Der Trick, den das FBI anwandte, hat es in mehr als einer Hinsicht in sich: Nicht nur macht der "Key Logger" den einst so lautstark geforderte Zugang zu den Codierschlüsseln überflüssig. Man braucht auch noch nicht einmal eine richterliche Abhör-Erlaubnis, freuten sich zumindest die FBI-Beamten. Denn es wird ja nicht abgehört, so ihr Argument: Die Wanze zeichnet keine Kommunikation zwischen Menschen auf, sondern nur die zwischen Mensch und Computer. Bis jetzt ist der Fall Scarfo der erste, in dem ein "Key Logger" eingesetzt wurde - der erste bekannte zumindest. Wie die Wanze funktioniert, weiß niemand, nicht einmal, ob es sich um Hard- oder Software handelt.

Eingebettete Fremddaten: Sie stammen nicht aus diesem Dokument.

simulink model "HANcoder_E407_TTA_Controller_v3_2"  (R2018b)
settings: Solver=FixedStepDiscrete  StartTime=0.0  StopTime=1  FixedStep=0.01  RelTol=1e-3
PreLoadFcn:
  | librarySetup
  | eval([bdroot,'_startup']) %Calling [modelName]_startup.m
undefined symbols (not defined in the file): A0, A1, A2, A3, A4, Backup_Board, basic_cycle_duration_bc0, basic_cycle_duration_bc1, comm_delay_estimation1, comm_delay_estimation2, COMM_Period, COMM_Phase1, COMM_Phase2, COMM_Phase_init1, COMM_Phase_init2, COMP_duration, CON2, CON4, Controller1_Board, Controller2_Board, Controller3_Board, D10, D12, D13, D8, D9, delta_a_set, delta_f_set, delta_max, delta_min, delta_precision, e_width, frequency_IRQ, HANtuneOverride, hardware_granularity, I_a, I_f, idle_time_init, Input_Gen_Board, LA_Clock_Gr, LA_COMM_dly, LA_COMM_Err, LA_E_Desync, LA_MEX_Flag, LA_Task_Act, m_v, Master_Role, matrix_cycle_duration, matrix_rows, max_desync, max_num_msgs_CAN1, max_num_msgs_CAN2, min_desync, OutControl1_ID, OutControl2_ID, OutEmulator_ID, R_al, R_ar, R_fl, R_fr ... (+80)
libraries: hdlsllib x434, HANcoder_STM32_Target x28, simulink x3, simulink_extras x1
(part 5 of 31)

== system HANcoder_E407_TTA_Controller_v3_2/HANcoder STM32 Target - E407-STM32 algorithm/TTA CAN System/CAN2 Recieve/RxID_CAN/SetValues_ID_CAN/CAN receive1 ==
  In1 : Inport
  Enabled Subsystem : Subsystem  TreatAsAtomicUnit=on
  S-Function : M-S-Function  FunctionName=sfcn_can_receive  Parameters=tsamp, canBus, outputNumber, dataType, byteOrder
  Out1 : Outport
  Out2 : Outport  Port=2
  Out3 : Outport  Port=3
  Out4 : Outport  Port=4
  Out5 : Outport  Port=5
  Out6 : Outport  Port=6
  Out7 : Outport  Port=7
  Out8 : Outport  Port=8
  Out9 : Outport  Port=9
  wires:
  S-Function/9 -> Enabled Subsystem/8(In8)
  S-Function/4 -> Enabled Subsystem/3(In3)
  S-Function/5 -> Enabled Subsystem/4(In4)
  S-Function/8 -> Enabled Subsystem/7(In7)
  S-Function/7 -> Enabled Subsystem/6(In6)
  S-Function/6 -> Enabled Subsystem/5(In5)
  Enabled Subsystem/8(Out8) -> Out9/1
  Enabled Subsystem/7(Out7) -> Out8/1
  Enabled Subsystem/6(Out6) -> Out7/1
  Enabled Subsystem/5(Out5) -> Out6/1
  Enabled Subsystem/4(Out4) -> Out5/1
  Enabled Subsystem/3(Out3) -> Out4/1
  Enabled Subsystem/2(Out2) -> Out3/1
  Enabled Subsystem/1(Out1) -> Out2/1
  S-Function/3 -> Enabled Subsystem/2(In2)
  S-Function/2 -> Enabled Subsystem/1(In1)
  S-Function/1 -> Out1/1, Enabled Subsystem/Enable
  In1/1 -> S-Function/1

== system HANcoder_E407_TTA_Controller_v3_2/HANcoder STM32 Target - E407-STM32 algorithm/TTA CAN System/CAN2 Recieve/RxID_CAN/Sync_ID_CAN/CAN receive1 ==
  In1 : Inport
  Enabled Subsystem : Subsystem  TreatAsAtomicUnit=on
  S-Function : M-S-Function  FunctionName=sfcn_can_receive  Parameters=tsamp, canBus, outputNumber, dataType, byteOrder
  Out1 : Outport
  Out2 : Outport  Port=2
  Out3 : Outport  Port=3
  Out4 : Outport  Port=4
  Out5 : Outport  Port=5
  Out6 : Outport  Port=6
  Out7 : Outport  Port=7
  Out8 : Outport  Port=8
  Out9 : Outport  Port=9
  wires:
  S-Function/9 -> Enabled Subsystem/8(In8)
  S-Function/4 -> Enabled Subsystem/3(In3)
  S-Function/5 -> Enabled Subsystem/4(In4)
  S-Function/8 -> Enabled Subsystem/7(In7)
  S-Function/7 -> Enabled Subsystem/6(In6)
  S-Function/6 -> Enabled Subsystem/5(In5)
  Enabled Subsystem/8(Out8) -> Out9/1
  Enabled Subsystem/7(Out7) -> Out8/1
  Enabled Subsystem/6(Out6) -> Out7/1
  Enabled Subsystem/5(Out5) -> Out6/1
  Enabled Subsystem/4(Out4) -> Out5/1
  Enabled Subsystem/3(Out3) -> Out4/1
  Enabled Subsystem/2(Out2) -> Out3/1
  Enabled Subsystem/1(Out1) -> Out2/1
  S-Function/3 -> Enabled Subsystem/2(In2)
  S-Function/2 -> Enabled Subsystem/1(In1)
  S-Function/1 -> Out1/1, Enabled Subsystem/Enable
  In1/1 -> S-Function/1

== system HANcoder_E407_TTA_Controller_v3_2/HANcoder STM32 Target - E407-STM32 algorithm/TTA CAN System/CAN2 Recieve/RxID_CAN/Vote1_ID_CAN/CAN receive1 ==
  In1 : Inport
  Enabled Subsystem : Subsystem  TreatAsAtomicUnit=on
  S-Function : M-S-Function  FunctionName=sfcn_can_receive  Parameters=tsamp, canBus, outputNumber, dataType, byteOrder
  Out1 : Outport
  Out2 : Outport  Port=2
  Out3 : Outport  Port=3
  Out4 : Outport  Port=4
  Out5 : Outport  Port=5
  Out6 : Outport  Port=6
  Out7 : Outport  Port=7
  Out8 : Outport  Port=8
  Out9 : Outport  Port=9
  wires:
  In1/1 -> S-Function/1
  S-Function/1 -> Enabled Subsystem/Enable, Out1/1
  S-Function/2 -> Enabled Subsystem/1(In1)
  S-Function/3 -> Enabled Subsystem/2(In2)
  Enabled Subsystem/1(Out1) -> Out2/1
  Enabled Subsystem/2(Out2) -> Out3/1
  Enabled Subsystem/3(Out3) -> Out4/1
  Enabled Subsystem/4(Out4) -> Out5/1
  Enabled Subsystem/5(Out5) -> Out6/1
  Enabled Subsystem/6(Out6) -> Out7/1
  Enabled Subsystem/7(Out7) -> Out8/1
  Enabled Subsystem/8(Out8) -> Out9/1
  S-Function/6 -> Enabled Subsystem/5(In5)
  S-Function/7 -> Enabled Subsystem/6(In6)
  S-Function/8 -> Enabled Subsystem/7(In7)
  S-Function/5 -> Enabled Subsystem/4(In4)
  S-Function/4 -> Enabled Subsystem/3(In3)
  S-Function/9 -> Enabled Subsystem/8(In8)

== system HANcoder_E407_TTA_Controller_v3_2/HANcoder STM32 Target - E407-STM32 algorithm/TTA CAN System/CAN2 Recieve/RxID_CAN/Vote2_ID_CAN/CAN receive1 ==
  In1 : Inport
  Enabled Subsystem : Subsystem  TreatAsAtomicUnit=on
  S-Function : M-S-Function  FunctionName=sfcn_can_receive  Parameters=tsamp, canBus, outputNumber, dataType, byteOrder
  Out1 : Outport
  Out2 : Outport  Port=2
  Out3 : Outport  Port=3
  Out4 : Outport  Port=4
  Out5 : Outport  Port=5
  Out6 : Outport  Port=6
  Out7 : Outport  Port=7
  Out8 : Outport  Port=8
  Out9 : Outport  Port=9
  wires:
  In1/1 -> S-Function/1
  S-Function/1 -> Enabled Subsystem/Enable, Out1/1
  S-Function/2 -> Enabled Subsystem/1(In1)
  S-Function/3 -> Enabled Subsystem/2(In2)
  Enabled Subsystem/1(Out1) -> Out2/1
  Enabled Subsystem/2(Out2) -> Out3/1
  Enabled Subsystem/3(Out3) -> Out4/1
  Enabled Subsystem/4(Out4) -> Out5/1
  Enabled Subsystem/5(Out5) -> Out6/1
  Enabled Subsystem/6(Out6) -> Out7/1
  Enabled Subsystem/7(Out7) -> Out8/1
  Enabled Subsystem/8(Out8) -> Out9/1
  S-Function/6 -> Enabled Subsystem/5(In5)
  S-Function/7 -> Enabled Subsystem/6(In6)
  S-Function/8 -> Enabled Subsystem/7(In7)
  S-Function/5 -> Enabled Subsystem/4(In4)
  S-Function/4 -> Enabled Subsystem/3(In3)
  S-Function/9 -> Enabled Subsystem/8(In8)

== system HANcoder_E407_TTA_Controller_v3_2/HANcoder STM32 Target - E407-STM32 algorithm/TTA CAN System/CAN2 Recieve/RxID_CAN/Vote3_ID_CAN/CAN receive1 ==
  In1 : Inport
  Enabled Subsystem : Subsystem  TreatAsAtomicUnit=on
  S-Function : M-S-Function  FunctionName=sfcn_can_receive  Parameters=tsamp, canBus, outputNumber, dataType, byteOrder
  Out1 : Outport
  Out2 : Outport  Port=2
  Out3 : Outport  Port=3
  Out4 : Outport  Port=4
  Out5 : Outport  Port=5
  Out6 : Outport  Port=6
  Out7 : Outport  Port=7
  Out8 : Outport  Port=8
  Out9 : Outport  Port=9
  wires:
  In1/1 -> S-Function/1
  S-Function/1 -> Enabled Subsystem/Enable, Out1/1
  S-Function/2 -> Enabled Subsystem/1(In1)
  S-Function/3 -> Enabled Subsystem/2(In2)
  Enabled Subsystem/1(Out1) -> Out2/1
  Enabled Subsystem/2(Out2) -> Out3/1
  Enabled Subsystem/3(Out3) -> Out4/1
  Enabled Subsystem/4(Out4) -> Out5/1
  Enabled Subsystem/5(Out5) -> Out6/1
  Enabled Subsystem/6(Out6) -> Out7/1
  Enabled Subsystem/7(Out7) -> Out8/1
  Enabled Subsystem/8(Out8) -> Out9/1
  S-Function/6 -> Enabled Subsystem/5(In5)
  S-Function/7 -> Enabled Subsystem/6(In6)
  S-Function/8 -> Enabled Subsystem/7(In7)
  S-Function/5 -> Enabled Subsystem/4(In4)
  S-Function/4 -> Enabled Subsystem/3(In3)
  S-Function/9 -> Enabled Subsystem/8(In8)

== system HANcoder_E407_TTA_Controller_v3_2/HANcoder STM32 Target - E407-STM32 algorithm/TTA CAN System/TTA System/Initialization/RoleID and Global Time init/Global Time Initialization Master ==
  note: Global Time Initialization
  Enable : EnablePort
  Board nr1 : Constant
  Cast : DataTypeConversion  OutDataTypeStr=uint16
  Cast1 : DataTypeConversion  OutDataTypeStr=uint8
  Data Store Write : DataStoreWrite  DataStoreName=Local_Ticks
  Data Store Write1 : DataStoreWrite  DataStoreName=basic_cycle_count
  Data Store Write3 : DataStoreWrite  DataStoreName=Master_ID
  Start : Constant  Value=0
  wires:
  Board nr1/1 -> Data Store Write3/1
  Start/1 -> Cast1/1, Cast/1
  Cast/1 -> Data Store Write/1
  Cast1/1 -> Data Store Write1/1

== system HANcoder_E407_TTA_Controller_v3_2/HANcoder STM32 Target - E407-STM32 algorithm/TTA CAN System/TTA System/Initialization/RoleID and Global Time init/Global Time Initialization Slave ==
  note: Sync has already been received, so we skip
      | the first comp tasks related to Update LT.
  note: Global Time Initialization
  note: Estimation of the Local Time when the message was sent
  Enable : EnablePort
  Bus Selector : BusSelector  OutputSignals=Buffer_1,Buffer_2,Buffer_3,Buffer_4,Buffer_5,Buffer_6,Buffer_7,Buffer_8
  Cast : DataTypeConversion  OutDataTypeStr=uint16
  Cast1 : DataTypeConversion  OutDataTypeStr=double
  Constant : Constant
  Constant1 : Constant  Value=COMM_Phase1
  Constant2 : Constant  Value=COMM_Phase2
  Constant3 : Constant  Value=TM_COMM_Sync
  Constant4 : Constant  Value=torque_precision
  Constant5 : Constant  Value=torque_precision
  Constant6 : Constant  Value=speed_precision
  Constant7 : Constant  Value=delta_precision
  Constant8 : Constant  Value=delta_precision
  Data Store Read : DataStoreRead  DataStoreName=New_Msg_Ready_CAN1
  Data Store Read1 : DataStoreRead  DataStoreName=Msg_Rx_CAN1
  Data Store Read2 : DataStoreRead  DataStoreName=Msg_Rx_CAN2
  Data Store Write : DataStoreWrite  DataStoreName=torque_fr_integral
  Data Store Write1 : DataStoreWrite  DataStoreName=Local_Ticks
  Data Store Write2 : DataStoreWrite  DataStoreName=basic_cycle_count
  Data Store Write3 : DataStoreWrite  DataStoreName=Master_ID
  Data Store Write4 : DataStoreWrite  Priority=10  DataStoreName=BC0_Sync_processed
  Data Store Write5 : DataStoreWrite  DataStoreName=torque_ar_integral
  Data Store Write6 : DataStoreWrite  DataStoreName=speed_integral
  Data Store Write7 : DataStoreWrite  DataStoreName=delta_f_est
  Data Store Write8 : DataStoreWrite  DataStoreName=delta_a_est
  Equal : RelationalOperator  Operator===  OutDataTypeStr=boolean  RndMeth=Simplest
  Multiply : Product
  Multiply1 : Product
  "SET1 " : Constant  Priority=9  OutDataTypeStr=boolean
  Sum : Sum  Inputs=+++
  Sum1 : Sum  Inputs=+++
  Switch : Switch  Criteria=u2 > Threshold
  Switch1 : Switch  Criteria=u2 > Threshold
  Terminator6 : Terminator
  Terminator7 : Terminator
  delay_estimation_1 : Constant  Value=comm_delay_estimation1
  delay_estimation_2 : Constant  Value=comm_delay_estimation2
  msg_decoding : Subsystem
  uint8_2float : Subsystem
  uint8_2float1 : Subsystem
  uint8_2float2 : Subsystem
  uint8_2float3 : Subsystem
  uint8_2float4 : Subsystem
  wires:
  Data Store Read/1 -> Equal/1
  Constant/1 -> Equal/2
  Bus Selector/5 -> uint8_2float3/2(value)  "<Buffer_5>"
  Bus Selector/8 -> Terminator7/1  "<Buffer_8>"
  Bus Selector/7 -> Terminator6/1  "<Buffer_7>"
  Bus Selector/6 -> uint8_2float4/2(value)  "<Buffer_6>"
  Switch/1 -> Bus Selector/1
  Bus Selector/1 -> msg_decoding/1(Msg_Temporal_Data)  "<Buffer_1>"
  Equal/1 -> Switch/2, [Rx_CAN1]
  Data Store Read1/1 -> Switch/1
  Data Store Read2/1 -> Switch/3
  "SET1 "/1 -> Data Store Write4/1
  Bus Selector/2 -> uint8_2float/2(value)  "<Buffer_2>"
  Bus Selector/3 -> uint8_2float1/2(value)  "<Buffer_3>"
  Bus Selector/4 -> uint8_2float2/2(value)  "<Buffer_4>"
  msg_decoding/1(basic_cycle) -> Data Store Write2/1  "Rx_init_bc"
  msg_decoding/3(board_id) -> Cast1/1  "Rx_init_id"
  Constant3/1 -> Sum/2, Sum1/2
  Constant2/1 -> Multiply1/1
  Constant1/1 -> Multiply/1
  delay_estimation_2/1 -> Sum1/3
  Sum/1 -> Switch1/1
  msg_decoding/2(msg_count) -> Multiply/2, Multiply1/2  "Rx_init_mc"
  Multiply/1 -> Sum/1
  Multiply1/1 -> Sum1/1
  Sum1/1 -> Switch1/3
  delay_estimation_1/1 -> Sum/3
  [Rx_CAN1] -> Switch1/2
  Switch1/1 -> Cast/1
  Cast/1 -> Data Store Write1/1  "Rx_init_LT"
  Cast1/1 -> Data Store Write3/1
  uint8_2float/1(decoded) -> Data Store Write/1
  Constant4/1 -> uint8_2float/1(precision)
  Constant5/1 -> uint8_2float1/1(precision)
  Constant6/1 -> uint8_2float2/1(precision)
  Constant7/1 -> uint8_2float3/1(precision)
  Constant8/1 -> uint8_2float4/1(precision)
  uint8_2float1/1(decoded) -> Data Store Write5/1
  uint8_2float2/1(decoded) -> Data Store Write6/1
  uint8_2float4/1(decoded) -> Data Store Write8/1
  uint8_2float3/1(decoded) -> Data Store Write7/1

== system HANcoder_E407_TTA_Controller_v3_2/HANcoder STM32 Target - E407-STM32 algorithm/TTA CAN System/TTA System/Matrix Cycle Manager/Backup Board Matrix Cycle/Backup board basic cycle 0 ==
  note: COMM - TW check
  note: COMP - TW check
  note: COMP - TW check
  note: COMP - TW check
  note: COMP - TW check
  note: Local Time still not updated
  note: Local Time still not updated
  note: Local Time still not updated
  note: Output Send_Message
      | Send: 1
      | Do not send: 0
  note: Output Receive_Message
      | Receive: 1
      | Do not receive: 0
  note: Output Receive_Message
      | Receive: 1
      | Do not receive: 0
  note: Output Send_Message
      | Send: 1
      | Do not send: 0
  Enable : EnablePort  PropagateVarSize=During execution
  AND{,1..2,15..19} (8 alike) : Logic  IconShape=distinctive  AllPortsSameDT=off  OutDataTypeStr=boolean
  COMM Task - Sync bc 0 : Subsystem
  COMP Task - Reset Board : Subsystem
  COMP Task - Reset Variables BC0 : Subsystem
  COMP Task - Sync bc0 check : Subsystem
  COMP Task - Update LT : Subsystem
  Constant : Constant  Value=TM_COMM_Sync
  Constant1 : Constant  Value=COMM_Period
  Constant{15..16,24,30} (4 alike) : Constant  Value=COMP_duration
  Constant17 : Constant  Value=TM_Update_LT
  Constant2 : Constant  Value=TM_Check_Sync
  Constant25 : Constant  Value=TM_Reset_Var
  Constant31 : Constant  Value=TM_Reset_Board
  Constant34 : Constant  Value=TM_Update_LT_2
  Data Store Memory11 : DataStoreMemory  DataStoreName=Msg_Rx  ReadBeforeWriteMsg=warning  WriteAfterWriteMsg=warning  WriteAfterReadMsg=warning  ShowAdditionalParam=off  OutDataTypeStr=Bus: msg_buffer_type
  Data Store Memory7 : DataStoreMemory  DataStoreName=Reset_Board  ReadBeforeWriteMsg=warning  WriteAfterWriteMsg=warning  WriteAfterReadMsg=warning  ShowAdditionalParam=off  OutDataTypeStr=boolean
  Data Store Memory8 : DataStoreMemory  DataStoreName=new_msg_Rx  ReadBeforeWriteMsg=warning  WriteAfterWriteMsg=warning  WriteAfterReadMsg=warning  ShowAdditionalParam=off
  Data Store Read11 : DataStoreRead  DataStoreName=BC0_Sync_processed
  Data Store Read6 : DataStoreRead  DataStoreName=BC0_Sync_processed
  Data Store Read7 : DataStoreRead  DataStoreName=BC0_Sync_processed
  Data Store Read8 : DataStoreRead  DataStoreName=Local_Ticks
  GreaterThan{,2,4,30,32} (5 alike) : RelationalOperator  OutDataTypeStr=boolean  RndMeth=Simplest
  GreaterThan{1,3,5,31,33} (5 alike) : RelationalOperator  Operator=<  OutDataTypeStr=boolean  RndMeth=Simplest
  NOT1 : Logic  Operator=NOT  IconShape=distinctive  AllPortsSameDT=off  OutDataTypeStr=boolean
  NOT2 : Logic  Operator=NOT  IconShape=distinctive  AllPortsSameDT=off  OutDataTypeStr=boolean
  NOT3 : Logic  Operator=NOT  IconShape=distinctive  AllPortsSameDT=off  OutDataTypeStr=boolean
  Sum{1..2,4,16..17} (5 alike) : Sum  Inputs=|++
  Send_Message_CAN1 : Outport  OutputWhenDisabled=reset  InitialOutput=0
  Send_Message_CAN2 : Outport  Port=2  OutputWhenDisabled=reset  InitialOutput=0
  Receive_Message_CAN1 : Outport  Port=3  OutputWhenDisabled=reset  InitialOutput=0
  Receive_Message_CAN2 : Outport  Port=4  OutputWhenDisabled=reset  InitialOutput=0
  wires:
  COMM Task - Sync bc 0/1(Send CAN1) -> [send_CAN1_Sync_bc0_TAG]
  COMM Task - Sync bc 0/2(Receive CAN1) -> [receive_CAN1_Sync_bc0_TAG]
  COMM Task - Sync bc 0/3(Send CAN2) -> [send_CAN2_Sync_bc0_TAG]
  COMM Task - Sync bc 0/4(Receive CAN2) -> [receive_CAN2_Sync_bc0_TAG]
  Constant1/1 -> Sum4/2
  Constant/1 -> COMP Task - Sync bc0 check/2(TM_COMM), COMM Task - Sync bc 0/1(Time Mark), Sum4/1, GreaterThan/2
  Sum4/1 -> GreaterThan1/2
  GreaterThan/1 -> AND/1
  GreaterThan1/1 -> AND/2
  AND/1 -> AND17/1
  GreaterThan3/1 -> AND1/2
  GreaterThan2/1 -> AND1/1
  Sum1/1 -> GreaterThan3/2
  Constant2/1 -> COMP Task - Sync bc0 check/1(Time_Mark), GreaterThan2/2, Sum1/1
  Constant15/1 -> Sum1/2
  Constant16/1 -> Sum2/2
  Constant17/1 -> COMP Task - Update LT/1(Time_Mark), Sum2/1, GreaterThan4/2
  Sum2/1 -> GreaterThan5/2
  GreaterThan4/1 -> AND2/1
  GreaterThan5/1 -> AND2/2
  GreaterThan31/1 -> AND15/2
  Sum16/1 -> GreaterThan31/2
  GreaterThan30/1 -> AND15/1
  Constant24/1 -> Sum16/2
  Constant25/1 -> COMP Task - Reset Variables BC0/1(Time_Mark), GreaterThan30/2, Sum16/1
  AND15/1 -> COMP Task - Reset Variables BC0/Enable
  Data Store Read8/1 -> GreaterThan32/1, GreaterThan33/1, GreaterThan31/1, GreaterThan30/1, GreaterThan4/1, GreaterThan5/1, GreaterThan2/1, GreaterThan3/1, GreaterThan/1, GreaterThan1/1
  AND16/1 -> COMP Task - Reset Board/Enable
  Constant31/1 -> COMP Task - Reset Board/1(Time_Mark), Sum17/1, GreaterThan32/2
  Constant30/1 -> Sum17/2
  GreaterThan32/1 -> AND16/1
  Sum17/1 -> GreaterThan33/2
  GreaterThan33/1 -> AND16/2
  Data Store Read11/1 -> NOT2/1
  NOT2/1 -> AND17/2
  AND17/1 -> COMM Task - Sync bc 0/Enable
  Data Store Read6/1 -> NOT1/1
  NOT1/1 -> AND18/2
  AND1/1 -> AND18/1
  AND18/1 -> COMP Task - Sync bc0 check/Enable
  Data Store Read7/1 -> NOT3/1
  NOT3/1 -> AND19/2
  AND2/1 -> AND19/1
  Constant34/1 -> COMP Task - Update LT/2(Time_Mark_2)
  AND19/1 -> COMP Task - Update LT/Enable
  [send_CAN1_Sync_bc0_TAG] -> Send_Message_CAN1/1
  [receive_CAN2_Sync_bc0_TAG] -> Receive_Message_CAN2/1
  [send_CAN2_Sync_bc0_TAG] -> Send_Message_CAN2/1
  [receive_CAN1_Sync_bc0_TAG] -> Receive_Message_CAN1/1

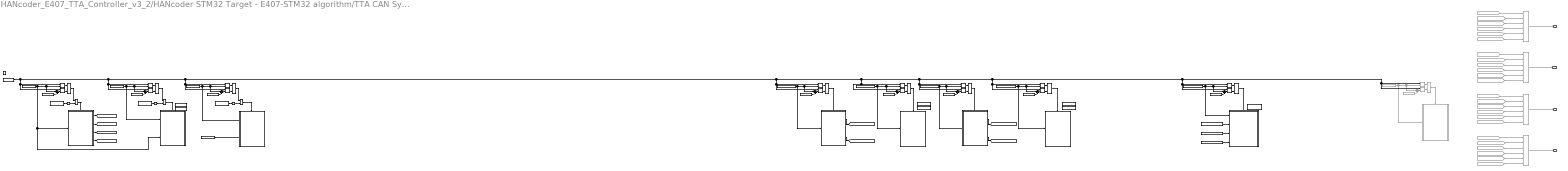
== system HANcoder_E407_TTA_Controller_v3_2/HANcoder STM32 Target - E407-STM32 algorithm/TTA CAN System/TTA System/Matrix Cycle Manager/Backup Board Matrix Cycle/Backup board basic cycle 1 ==
  note: Somehow get the values of the
      | third board for the comparisons
  note: Receive message condition
      | Sync Msg: Not Master and TM0
      | Vote Msg: Not # Node at TM#
  note: Send message condition
      | Sync Msg: Master and TM0
      | Vote Msg: Node# and TM#
  note: Output Send_Message
      | Send: 1
      | Do not send: 0
  note: Output Receive_Message
      | Receive: 1
      | Do not receive: 0
  note: Output Receive_Message
      | Receive: 1
      | Do not receive: 0
  note: Output Send_Message
      | Send: 1
      | Do not send: 0
  note: Send message condition
      | Sync Msg: Master and TM0
      | Vote Msg: Node# and TM#
  note: Receive message condition
      | Sync Msg: Not Master and TM0
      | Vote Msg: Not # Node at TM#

Noch ist nicht sicher, ob diese Strategie aufgeht: Scarfos Anwälte haben nämlich erreicht, dass das FBI offenlegen muss, wie der verwendete Key Logger funktioniert. Ihr Argument: Wie sollen wir wissen, ob abgehört wurde oder nicht, wenn wir nicht wissen, wie das Gerät funktioniert? Dem Richter Nicholas Politan leuchtete der Einwand ein. Er verdonnerte letzte Woche das FBI, ihr Geheimnis zu lüften. Für das FBI ist dies schmerzhaft: Denn ist die Technologie erst einmal bekannt, ist es ein Leichtes, sich dagegen zu schützen.

Immerhin aber hat der Richter mit seinem Beschluss anerkannt, dass zumindest die Möglichkeit besteht, dass das Gerät nicht als Abhörvorrichtung zu werten ist. Sollte dies am Ende das Ergebnis des Scarfo-Prozesses sein, wären die Folgen kaum abzusehen: Die Ermittlungsbehörden hätten es in der Hand, alles zu erfahren, was sie wissen wollen, ohne dass irgend ein Mensch jemals davon Notiz nimmt. Lauschangriffe und die ganzen lästigen Streitereien, die damit einhergehen, würden schlicht überflüssig. Strafverfolgers paradise.

Für deutsche Ermittler ist es zum Jubeln jedoch noch zu früh. Hier zu Lande wäre ein Einsatz solcher "Key Logger" im Rahmen der Strafverfolgung schlicht rechtswidrig, erklärt Ulrich Sieber, Professor für Straf- und Informationsrecht an der Universität München. Bevor die Rechner der Verdächtigen verwanzt werden können, müsste der Gesetzgeber eine Rechtsgrundlage dafür schaffen - und sogar das Grundgesetz ändern, das die Unverletzlichkeit der Wohnung garantiert. Wollte ein übermütiger Kripo-Beamter dennoch mit der aufregenden Technologie der US-Kollegen experimentieren, würde er sich sogar selber strafbar machen: Auf unautorisiertes "Ausspähen von Daten" setzt das Strafgesetzbuch bis zu drei Jahre Gefängnis.